[Information supplied]
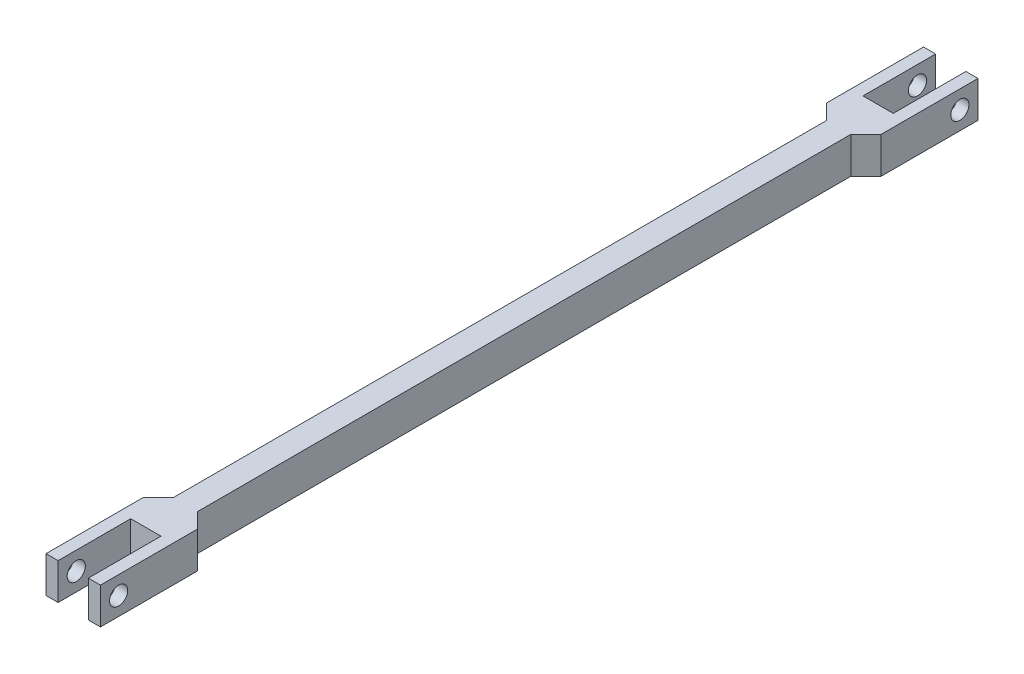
ISO-10303-21;
HEADER;
FILE_DESCRIPTION(('STEP AP214'),'2;1');
FILE_NAME('part.step','',(''),(''),'','','');
FILE_SCHEMA(('AUTOMOTIVE_DESIGN { 1 0 10303 214 1 1 1 1 }'));
ENDSEC;
DATA;
#1=APPLICATION_CONTEXT('core data for automotive mechanical design processes');
#2=APPLICATION_PROTOCOL_DEFINITION('international standard','automotive_design',2000,#1);
#3=PRODUCT_CONTEXT('',#1,'mechanical');
#4=PRODUCT('Part','Part','',(#3));
#5=PRODUCT_RELATED_PRODUCT_CATEGORY('part','',(#4));
#6=PRODUCT_DEFINITION_FORMATION('','',#4);
#7=PRODUCT_DEFINITION_CONTEXT('part definition',#1,'design');
#8=PRODUCT_DEFINITION('design','',#6,#7);
#9=PRODUCT_DEFINITION_SHAPE('','',#8);
#10=(LENGTH_UNIT() NAMED_UNIT(*) SI_UNIT(.MILLI.,.METRE.));
#11=(NAMED_UNIT(*) PLANE_ANGLE_UNIT() SI_UNIT($,.RADIAN.));
#12=(NAMED_UNIT(*) SI_UNIT($,.STERADIAN.) SOLID_ANGLE_UNIT());
#13=UNCERTAINTY_MEASURE_WITH_UNIT(LENGTH_MEASURE(1.E-05),#10,'distance_accuracy_value','');
#14=(GEOMETRIC_REPRESENTATION_CONTEXT(3) GLOBAL_UNCERTAINTY_ASSIGNED_CONTEXT((#13)) GLOBAL_UNIT_ASSIGNED_CONTEXT((#10,
#11,#12)) REPRESENTATION_CONTEXT('',''));
#15=CARTESIAN_POINT('',(0.,0.,0.));
#16=DIRECTION('',(0.,0.,1.));
#17=DIRECTION('',(1.,0.,0.));
#18=AXIS2_PLACEMENT_3D('',#15,#16,#17);
#19=CARTESIAN_POINT('',(-7.,6.,-145.));
#20=DIRECTION('',(0.,0.,1.));
#21=DIRECTION('',(1.,0.,0.));
#22=AXIS2_PLACEMENT_3D('',#19,#20,#21);
#23=PLANE('',#22);
#24=DIRECTION('',(-1.,0.,0.));
#25=VECTOR('',#24,1.);
#26=CARTESIAN_POINT('',(-7.,0.,-145.));
#27=LINE('',#26,#25);
#28=CARTESIAN_POINT('',(-7.,0.,-145.));
#29=VERTEX_POINT('',#28);
#30=CARTESIAN_POINT('',(-9.,0.,-145.));
#31=VERTEX_POINT('',#30);
#32=EDGE_CURVE('E202',#29,#31,#27,.T.);
#33=ORIENTED_EDGE('',*,*,#32,.T.);
#34=DIRECTION('',(0.,-1.,0.));
#35=VECTOR('',#34,1.);
#36=CARTESIAN_POINT('',(-9.,6.,-145.));
#37=LINE('',#36,#35);
#38=CARTESIAN_POINT('',(-9.,6.,-145.));
#39=VERTEX_POINT('',#38);
#40=EDGE_CURVE('E11',#39,#31,#37,.T.);
#41=ORIENTED_EDGE('',*,*,#40,.F.);
#42=DIRECTION('',(-1.,0.,0.));
#43=VECTOR('',#42,1.);
#44=CARTESIAN_POINT('',(-7.,6.,-145.));
#45=LINE('',#44,#43);
#46=CARTESIAN_POINT('',(-7.,6.,-145.));
#47=VERTEX_POINT('',#46);
#48=EDGE_CURVE('E241',#47,#39,#45,.T.);
#49=ORIENTED_EDGE('',*,*,#48,.F.);
#50=DIRECTION('',(0.,-1.,0.));
#51=VECTOR('',#50,1.);
#52=CARTESIAN_POINT('',(-7.,6.,-145.));
#53=LINE('',#52,#51);
#54=EDGE_CURVE('E198',#47,#29,#53,.T.);
#55=ORIENTED_EDGE('',*,*,#54,.T.);
#56=EDGE_LOOP('',(#33,#41,#49,#55));
#57=FACE_BOUND('',#56,.T.);
#58=ADVANCED_FACE('F33',(#57),#23,.F.);
#59=CARTESIAN_POINT('',(-9.,6.,-145.));
#60=DIRECTION('',(1.,0.,0.));
#61=DIRECTION('',(0.,0.,-1.));
#62=AXIS2_PLACEMENT_3D('',#59,#60,#61);
#63=PLANE('',#62);
#64=CARTESIAN_POINT('',(-9.,3.,-142.000000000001));
#65=DIRECTION('',(-1.,0.,0.));
#66=DIRECTION('',(0.,0.,1.));
#67=AXIS2_PLACEMENT_3D('',#64,#65,#66);
#68=CIRCLE('',#67,1.5);
#69=CARTESIAN_POINT('',(-9.,3.,-140.500000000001));
#70=VERTEX_POINT('',#69);
#71=EDGE_CURVE('E469',#70,#70,#68,.T.);
#72=ORIENTED_EDGE('',*,*,#71,.F.);
#73=EDGE_LOOP('',(#72));
#74=FACE_BOUND('',#73,.T.);
#75=DIRECTION('',(0.,0.,1.));
#76=VECTOR('',#75,1.);
#77=CARTESIAN_POINT('',(-9.,0.,-145.));
#78=LINE('',#77,#76);
#79=CARTESIAN_POINT('',(-9.,0.,-129.));
#80=VERTEX_POINT('',#79);
#81=EDGE_CURVE('E205',#31,#80,#78,.T.);
#82=ORIENTED_EDGE('',*,*,#81,.T.);
#83=DIRECTION('',(0.,-1.,0.));
#84=VECTOR('',#83,1.);
#85=CARTESIAN_POINT('',(-9.,6.,-129.));
#86=LINE('',#85,#84);
#87=CARTESIAN_POINT('',(-9.,6.,-129.));
#88=VERTEX_POINT('',#87);
#89=EDGE_CURVE('E42',#88,#80,#86,.T.);
#90=ORIENTED_EDGE('',*,*,#89,.F.);
#91=DIRECTION('',(0.,0.,1.));
#92=VECTOR('',#91,1.);
#93=CARTESIAN_POINT('',(-9.,6.,-145.));
#94=LINE('',#93,#92);
#95=EDGE_CURVE('E129',#39,#88,#94,.T.);
#96=ORIENTED_EDGE('',*,*,#95,.F.);
#97=ORIENTED_EDGE('',*,*,#40,.T.);
#98=EDGE_LOOP('',(#82,#90,#96,#97));
#99=FACE_BOUND('',#98,.T.);
#100=ADVANCED_FACE('F362',(#74,#99),#63,.F.);
#101=CARTESIAN_POINT('',(-9.,6.,-129.));
#102=DIRECTION('',(0.707106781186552,0.,-0.707106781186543));
#103=DIRECTION('',(-0.707106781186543,0.,-0.707106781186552));
#104=AXIS2_PLACEMENT_3D('',#101,#102,#103);
#105=PLANE('',#104);
#106=DIRECTION('',(0.707106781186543,0.,0.707106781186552));
#107=VECTOR('',#106,1.);
#108=CARTESIAN_POINT('',(-9.,0.,-129.));
#109=LINE('',#108,#107);
#110=CARTESIAN_POINT('',(-6.5,0.,-126.5));
#111=VERTEX_POINT('',#110);
#112=EDGE_CURVE('E208',#80,#111,#109,.T.);
#113=ORIENTED_EDGE('',*,*,#112,.T.);
#114=DIRECTION('',(0.,-1.,0.));
#115=VECTOR('',#114,1.);
#116=CARTESIAN_POINT('',(-6.5,6.,-126.5));
#117=LINE('',#116,#115);
#118=CARTESIAN_POINT('',(-6.5,6.,-126.5));
#119=VERTEX_POINT('',#118);
#120=EDGE_CURVE('E284',#119,#111,#117,.T.);
#121=ORIENTED_EDGE('',*,*,#120,.F.);
#122=DIRECTION('',(0.707106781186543,0.,0.707106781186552));
#123=VECTOR('',#122,1.);
#124=CARTESIAN_POINT('',(-9.,6.,-129.));
#125=LINE('',#124,#123);
#126=EDGE_CURVE('E293',#88,#119,#125,.T.);
#127=ORIENTED_EDGE('',*,*,#126,.F.);
#128=ORIENTED_EDGE('',*,*,#89,.T.);
#129=EDGE_LOOP('',(#113,#121,#127,#128));
#130=FACE_BOUND('',#129,.T.);
#131=ADVANCED_FACE('F291',(#130),#105,.F.);
#132=CARTESIAN_POINT('',(-6.5,6.,-126.5));
#133=DIRECTION('',(1.,0.,0.));
#134=DIRECTION('',(0.,0.,-1.));
#135=AXIS2_PLACEMENT_3D('',#132,#133,#134);
#136=PLANE('',#135);
#137=DIRECTION('',(0.,0.,1.));
#138=VECTOR('',#137,1.);
#139=CARTESIAN_POINT('',(-6.5,0.,-126.5));
#140=LINE('',#139,#138);
#141=CARTESIAN_POINT('',(-6.49999999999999,0.,-18.5));
#142=VERTEX_POINT('',#141);
#143=EDGE_CURVE('E210',#111,#142,#140,.T.);
#144=ORIENTED_EDGE('',*,*,#143,.T.);
#145=DIRECTION('',(0.,-1.,0.));
#146=VECTOR('',#145,1.);
#147=CARTESIAN_POINT('',(-6.49999999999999,6.,-18.5));
#148=LINE('',#147,#146);
#149=CARTESIAN_POINT('',(-6.49999999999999,6.,-18.5));
#150=VERTEX_POINT('',#149);
#151=EDGE_CURVE('E281',#150,#142,#148,.T.);
#152=ORIENTED_EDGE('',*,*,#151,.F.);
#153=DIRECTION('',(0.,0.,1.));
#154=VECTOR('',#153,1.);
#155=CARTESIAN_POINT('',(-6.5,6.,-126.5));
#156=LINE('',#155,#154);
#157=EDGE_CURVE('E311',#119,#150,#156,.T.);
#158=ORIENTED_EDGE('',*,*,#157,.F.);
#159=ORIENTED_EDGE('',*,*,#120,.T.);
#160=EDGE_LOOP('',(#144,#152,#158,#159));
#161=FACE_BOUND('',#160,.T.);
#162=ADVANCED_FACE('F302',(#161),#136,.F.);
#163=CARTESIAN_POINT('',(-6.49999999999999,6.,-18.5));
#164=DIRECTION('',(0.707106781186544,0.,0.707106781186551));
#165=DIRECTION('',(0.707106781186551,0.,-0.707106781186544));
#166=AXIS2_PLACEMENT_3D('',#163,#164,#165);
#167=PLANE('',#166);
#168=DIRECTION('',(-0.707106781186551,0.,0.707106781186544));
#169=VECTOR('',#168,1.);
#170=CARTESIAN_POINT('',(-6.49999999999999,0.,-18.5));
#171=LINE('',#170,#169);
#172=CARTESIAN_POINT('',(-9.00000000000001,0.,-16.));
#173=VERTEX_POINT('',#172);
#174=EDGE_CURVE('E212',#142,#173,#171,.T.);
#175=ORIENTED_EDGE('',*,*,#174,.T.);
#176=DIRECTION('',(0.,-1.,0.));
#177=VECTOR('',#176,1.);
#178=CARTESIAN_POINT('',(-9.00000000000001,6.,-16.));
#179=LINE('',#178,#177);
#180=CARTESIAN_POINT('',(-9.00000000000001,6.,-16.));
#181=VERTEX_POINT('',#180);
#182=EDGE_CURVE('E278',#181,#173,#179,.T.);
#183=ORIENTED_EDGE('',*,*,#182,.F.);
#184=DIRECTION('',(-0.707106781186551,0.,0.707106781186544));
#185=VECTOR('',#184,1.);
#186=CARTESIAN_POINT('',(-6.49999999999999,6.,-18.5));
#187=LINE('',#186,#185);
#188=EDGE_CURVE('E308',#150,#181,#187,.T.);
#189=ORIENTED_EDGE('',*,*,#188,.F.);
#190=ORIENTED_EDGE('',*,*,#151,.T.);
#191=EDGE_LOOP('',(#175,#183,#189,#190));
#192=FACE_BOUND('',#191,.T.);
#193=ADVANCED_FACE('F306',(#192),#167,.F.);
#194=CARTESIAN_POINT('',(-9.00000000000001,6.,-16.));
#195=DIRECTION('',(1.,0.,0.));
#196=DIRECTION('',(0.,0.,-1.));
#197=AXIS2_PLACEMENT_3D('',#194,#195,#196);
#198=PLANE('',#197);
#199=CARTESIAN_POINT('',(-8.99999999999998,3.,-3.));
#200=DIRECTION('',(-1.,0.,0.));
#201=DIRECTION('',(0.,0.,1.));
#202=AXIS2_PLACEMENT_3D('',#199,#200,#201);
#203=CIRCLE('',#202,1.5);
#204=CARTESIAN_POINT('',(-8.99999999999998,3.,-1.5));
#205=VERTEX_POINT('',#204);
#206=EDGE_CURVE('E436',#205,#205,#203,.T.);
#207=ORIENTED_EDGE('',*,*,#206,.F.);
#208=EDGE_LOOP('',(#207));
#209=FACE_BOUND('',#208,.T.);
#210=DIRECTION('',(0.,0.,1.));
#211=VECTOR('',#210,1.);
#212=CARTESIAN_POINT('',(-9.00000000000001,0.,-16.));
#213=LINE('',#212,#211);
#214=CARTESIAN_POINT('',(-9.,0.,0.));
#215=VERTEX_POINT('',#214);
#216=EDGE_CURVE('E214',#173,#215,#213,.T.);
#217=ORIENTED_EDGE('',*,*,#216,.T.);
#218=DIRECTION('',(0.,-1.,0.));
#219=VECTOR('',#218,1.);
#220=CARTESIAN_POINT('',(-9.,6.,0.));
#221=LINE('',#220,#219);
#222=CARTESIAN_POINT('',(-9.,6.,0.));
#223=VERTEX_POINT('',#222);
#224=EDGE_CURVE('E275',#223,#215,#221,.T.);
#225=ORIENTED_EDGE('',*,*,#224,.F.);
#226=DIRECTION('',(0.,0.,1.));
#227=VECTOR('',#226,1.);
#228=CARTESIAN_POINT('',(-9.00000000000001,6.,-16.));
#229=LINE('',#228,#227);
#230=EDGE_CURVE('E310',#181,#223,#229,.T.);
#231=ORIENTED_EDGE('',*,*,#230,.F.);
#232=ORIENTED_EDGE('',*,*,#182,.T.);
#233=EDGE_LOOP('',(#217,#225,#231,#232));
#234=FACE_BOUND('',#233,.T.);
#235=ADVANCED_FACE('F377',(#209,#234),#198,.F.);
#236=CARTESIAN_POINT('',(-9.,6.,0.));
#237=DIRECTION('',(0.,0.,-1.));
#238=DIRECTION('',(-1.,0.,0.));
#239=AXIS2_PLACEMENT_3D('',#236,#237,#238);
#240=PLANE('',#239);
#241=DIRECTION('',(1.,0.,0.));
#242=VECTOR('',#241,1.);
#243=CARTESIAN_POINT('',(-9.,0.,0.));
#244=LINE('',#243,#242);
#245=CARTESIAN_POINT('',(-7.,0.,0.));
#246=VERTEX_POINT('',#245);
#247=EDGE_CURVE('E216',#215,#246,#244,.T.);
#248=ORIENTED_EDGE('',*,*,#247,.T.);
#249=DIRECTION('',(0.,-1.,0.));
#250=VECTOR('',#249,1.);
#251=CARTESIAN_POINT('',(-7.,6.,0.));
#252=LINE('',#251,#250);
#253=CARTESIAN_POINT('',(-7.,6.,0.));
#254=VERTEX_POINT('',#253);
#255=EDGE_CURVE('E272',#254,#246,#252,.T.);
#256=ORIENTED_EDGE('',*,*,#255,.F.);
#257=DIRECTION('',(1.,0.,0.));
#258=VECTOR('',#257,1.);
#259=CARTESIAN_POINT('',(-9.,6.,0.));
#260=LINE('',#259,#258);
#261=EDGE_CURVE('E313',#223,#254,#260,.T.);
#262=ORIENTED_EDGE('',*,*,#261,.F.);
#263=ORIENTED_EDGE('',*,*,#224,.T.);
#264=EDGE_LOOP('',(#248,#256,#262,#263));
#265=FACE_BOUND('',#264,.T.);
#266=ADVANCED_FACE('F380',(#265),#240,.F.);
#267=CARTESIAN_POINT('',(-7.,6.,0.));
#268=DIRECTION('',(-1.,0.,0.));
#269=DIRECTION('',(0.,0.,1.));
#270=AXIS2_PLACEMENT_3D('',#267,#268,#269);
#271=PLANE('',#270);
#272=CARTESIAN_POINT('',(-7.,3.,-3.));
#273=DIRECTION('',(-1.,0.,0.));
#274=DIRECTION('',(0.,0.,1.));
#275=AXIS2_PLACEMENT_3D('',#272,#273,#274);
#276=CIRCLE('',#275,1.5);
#277=CARTESIAN_POINT('',(-7.,3.,-1.5));
#278=VERTEX_POINT('',#277);
#279=EDGE_CURVE('E206',#278,#278,#276,.T.);
#280=ORIENTED_EDGE('',*,*,#279,.T.);
#281=EDGE_LOOP('',(#280));
#282=FACE_BOUND('',#281,.T.);
#283=DIRECTION('',(0.,0.,-1.));
#284=VECTOR('',#283,1.);
#285=CARTESIAN_POINT('',(-7.,0.,0.));
#286=LINE('',#285,#284);
#287=CARTESIAN_POINT('',(-7.,0.,-12.));
#288=VERTEX_POINT('',#287);
#289=EDGE_CURVE('E218',#246,#288,#286,.T.);
#290=ORIENTED_EDGE('',*,*,#289,.T.);
#291=DIRECTION('',(0.,-1.,0.));
#292=VECTOR('',#291,1.);
#293=CARTESIAN_POINT('',(-7.,6.,-12.));
#294=LINE('',#293,#292);
#295=CARTESIAN_POINT('',(-7.,6.,-12.));
#296=VERTEX_POINT('',#295);
#297=EDGE_CURVE('E269',#296,#288,#294,.T.);
#298=ORIENTED_EDGE('',*,*,#297,.F.);
#299=DIRECTION('',(0.,0.,-1.));
#300=VECTOR('',#299,1.);
#301=CARTESIAN_POINT('',(-7.,6.,0.));
#302=LINE('',#301,#300);
#303=EDGE_CURVE('E319',#254,#296,#302,.T.);
#304=ORIENTED_EDGE('',*,*,#303,.F.);
#305=ORIENTED_EDGE('',*,*,#255,.T.);
#306=EDGE_LOOP('',(#290,#298,#304,#305));
#307=FACE_BOUND('',#306,.T.);
#308=ADVANCED_FACE('F384',(#282,#307),#271,.F.);
#309=CARTESIAN_POINT('',(-7.,6.,-12.));
#310=DIRECTION('',(0.,0.,-1.));
#311=DIRECTION('',(-1.,0.,0.));
#312=AXIS2_PLACEMENT_3D('',#309,#310,#311);
#313=PLANE('',#312);
#314=DIRECTION('',(1.,0.,0.));
#315=VECTOR('',#314,1.);
#316=CARTESIAN_POINT('',(-7.,0.,-12.));
#317=LINE('',#316,#315);
#318=CARTESIAN_POINT('',(-2.,0.,-12.));
#319=VERTEX_POINT('',#318);
#320=EDGE_CURVE('E220',#288,#319,#317,.T.);
#321=ORIENTED_EDGE('',*,*,#320,.T.);
#322=DIRECTION('',(0.,-1.,0.));
#323=VECTOR('',#322,1.);
#324=CARTESIAN_POINT('',(-2.,6.,-12.));
#325=LINE('',#324,#323);
#326=CARTESIAN_POINT('',(-2.,6.,-12.));
#327=VERTEX_POINT('',#326);
#328=EDGE_CURVE('E266',#327,#319,#325,.T.);
#329=ORIENTED_EDGE('',*,*,#328,.F.);
#330=DIRECTION('',(1.,0.,0.));
#331=VECTOR('',#330,1.);
#332=CARTESIAN_POINT('',(-7.,6.,-12.));
#333=LINE('',#332,#331);
#334=EDGE_CURVE('E321',#296,#327,#333,.T.);
#335=ORIENTED_EDGE('',*,*,#334,.F.);
#336=ORIENTED_EDGE('',*,*,#297,.T.);
#337=EDGE_LOOP('',(#321,#329,#335,#336));
#338=FACE_BOUND('',#337,.T.);
#339=ADVANCED_FACE('F388',(#338),#313,.F.);
#340=CARTESIAN_POINT('',(-2.,6.,-12.));
#341=DIRECTION('',(1.,0.,0.));
#342=DIRECTION('',(0.,0.,-1.));
#343=AXIS2_PLACEMENT_3D('',#340,#341,#342);
#344=PLANE('',#343);
#345=CARTESIAN_POINT('',(-2.,3.,-3.));
#346=DIRECTION('',(1.,0.,0.));
#347=DIRECTION('',(0.,0.,-1.));
#348=AXIS2_PLACEMENT_3D('',#345,#346,#347);
#349=CIRCLE('',#348,1.5);
#350=CARTESIAN_POINT('',(-2.,3.,-4.5));
#351=VERTEX_POINT('',#350);
#352=EDGE_CURVE('E430',#351,#351,#349,.T.);
#353=ORIENTED_EDGE('',*,*,#352,.T.);
#354=EDGE_LOOP('',(#353));
#355=FACE_BOUND('',#354,.T.);
#356=DIRECTION('',(0.,0.,1.));
#357=VECTOR('',#356,1.);
#358=CARTESIAN_POINT('',(-2.,0.,-12.));
#359=LINE('',#358,#357);
#360=CARTESIAN_POINT('',(-2.,0.,0.));
#361=VERTEX_POINT('',#360);
#362=EDGE_CURVE('E222',#319,#361,#359,.T.);
#363=ORIENTED_EDGE('',*,*,#362,.T.);
#364=DIRECTION('',(0.,-1.,0.));
#365=VECTOR('',#364,1.);
#366=CARTESIAN_POINT('',(-2.,6.,0.));
#367=LINE('',#366,#365);
#368=CARTESIAN_POINT('',(-2.,6.,0.));
#369=VERTEX_POINT('',#368);
#370=EDGE_CURVE('E263',#369,#361,#367,.T.);
#371=ORIENTED_EDGE('',*,*,#370,.F.);
#372=DIRECTION('',(0.,0.,1.));
#373=VECTOR('',#372,1.);
#374=CARTESIAN_POINT('',(-2.,6.,-12.));
#375=LINE('',#374,#373);
#376=EDGE_CURVE('E323',#327,#369,#375,.T.);
#377=ORIENTED_EDGE('',*,*,#376,.F.);
#378=ORIENTED_EDGE('',*,*,#328,.T.);
#379=EDGE_LOOP('',(#363,#371,#377,#378));
#380=FACE_BOUND('',#379,.T.);
#381=ADVANCED_FACE('F392',(#355,#380),#344,.F.);
#382=CARTESIAN_POINT('',(-2.,6.,0.));
#383=DIRECTION('',(0.,0.,-1.));
#384=DIRECTION('',(-1.,0.,0.));
#385=AXIS2_PLACEMENT_3D('',#382,#383,#384);
#386=PLANE('',#385);
#387=DIRECTION('',(1.,0.,0.));
#388=VECTOR('',#387,1.);
#389=CARTESIAN_POINT('',(-2.,0.,0.));
#390=LINE('',#389,#388);
#391=CARTESIAN_POINT('',(0.,0.,0.));
#392=VERTEX_POINT('',#391);
#393=EDGE_CURVE('E224',#361,#392,#390,.T.);
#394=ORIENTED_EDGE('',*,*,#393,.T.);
[/Information supplied]
▶ **Directions**
In your answer, include only the lines above starting at the line that holds "#223=VERTEX_POINT('',#222);" and ending at the line that holds "#233=EDGE_LOOP('',(#217,#225,#231,#232));", copied exactly.

▶ **Response for this exercise**
#223=VERTEX_POINT('',#222);
#224=EDGE_CURVE('E275',#223,#215,#221,.T.);
#225=ORIENTED_EDGE('',*,*,#224,.F.);
#226=DIRECTION('',(0.,0.,1.));
#227=VECTOR('',#226,1.);
#228=CARTESIAN_POINT('',(-9.00000000000001,6.,-16.));
#229=LINE('',#228,#227);
#230=EDGE_CURVE('E310',#181,#223,#229,.T.);
#231=ORIENTED_EDGE('',*,*,#230,.F.);
#232=ORIENTED_EDGE('',*,*,#182,.T.);
#233=EDGE_LOOP('',(#217,#225,#231,#232));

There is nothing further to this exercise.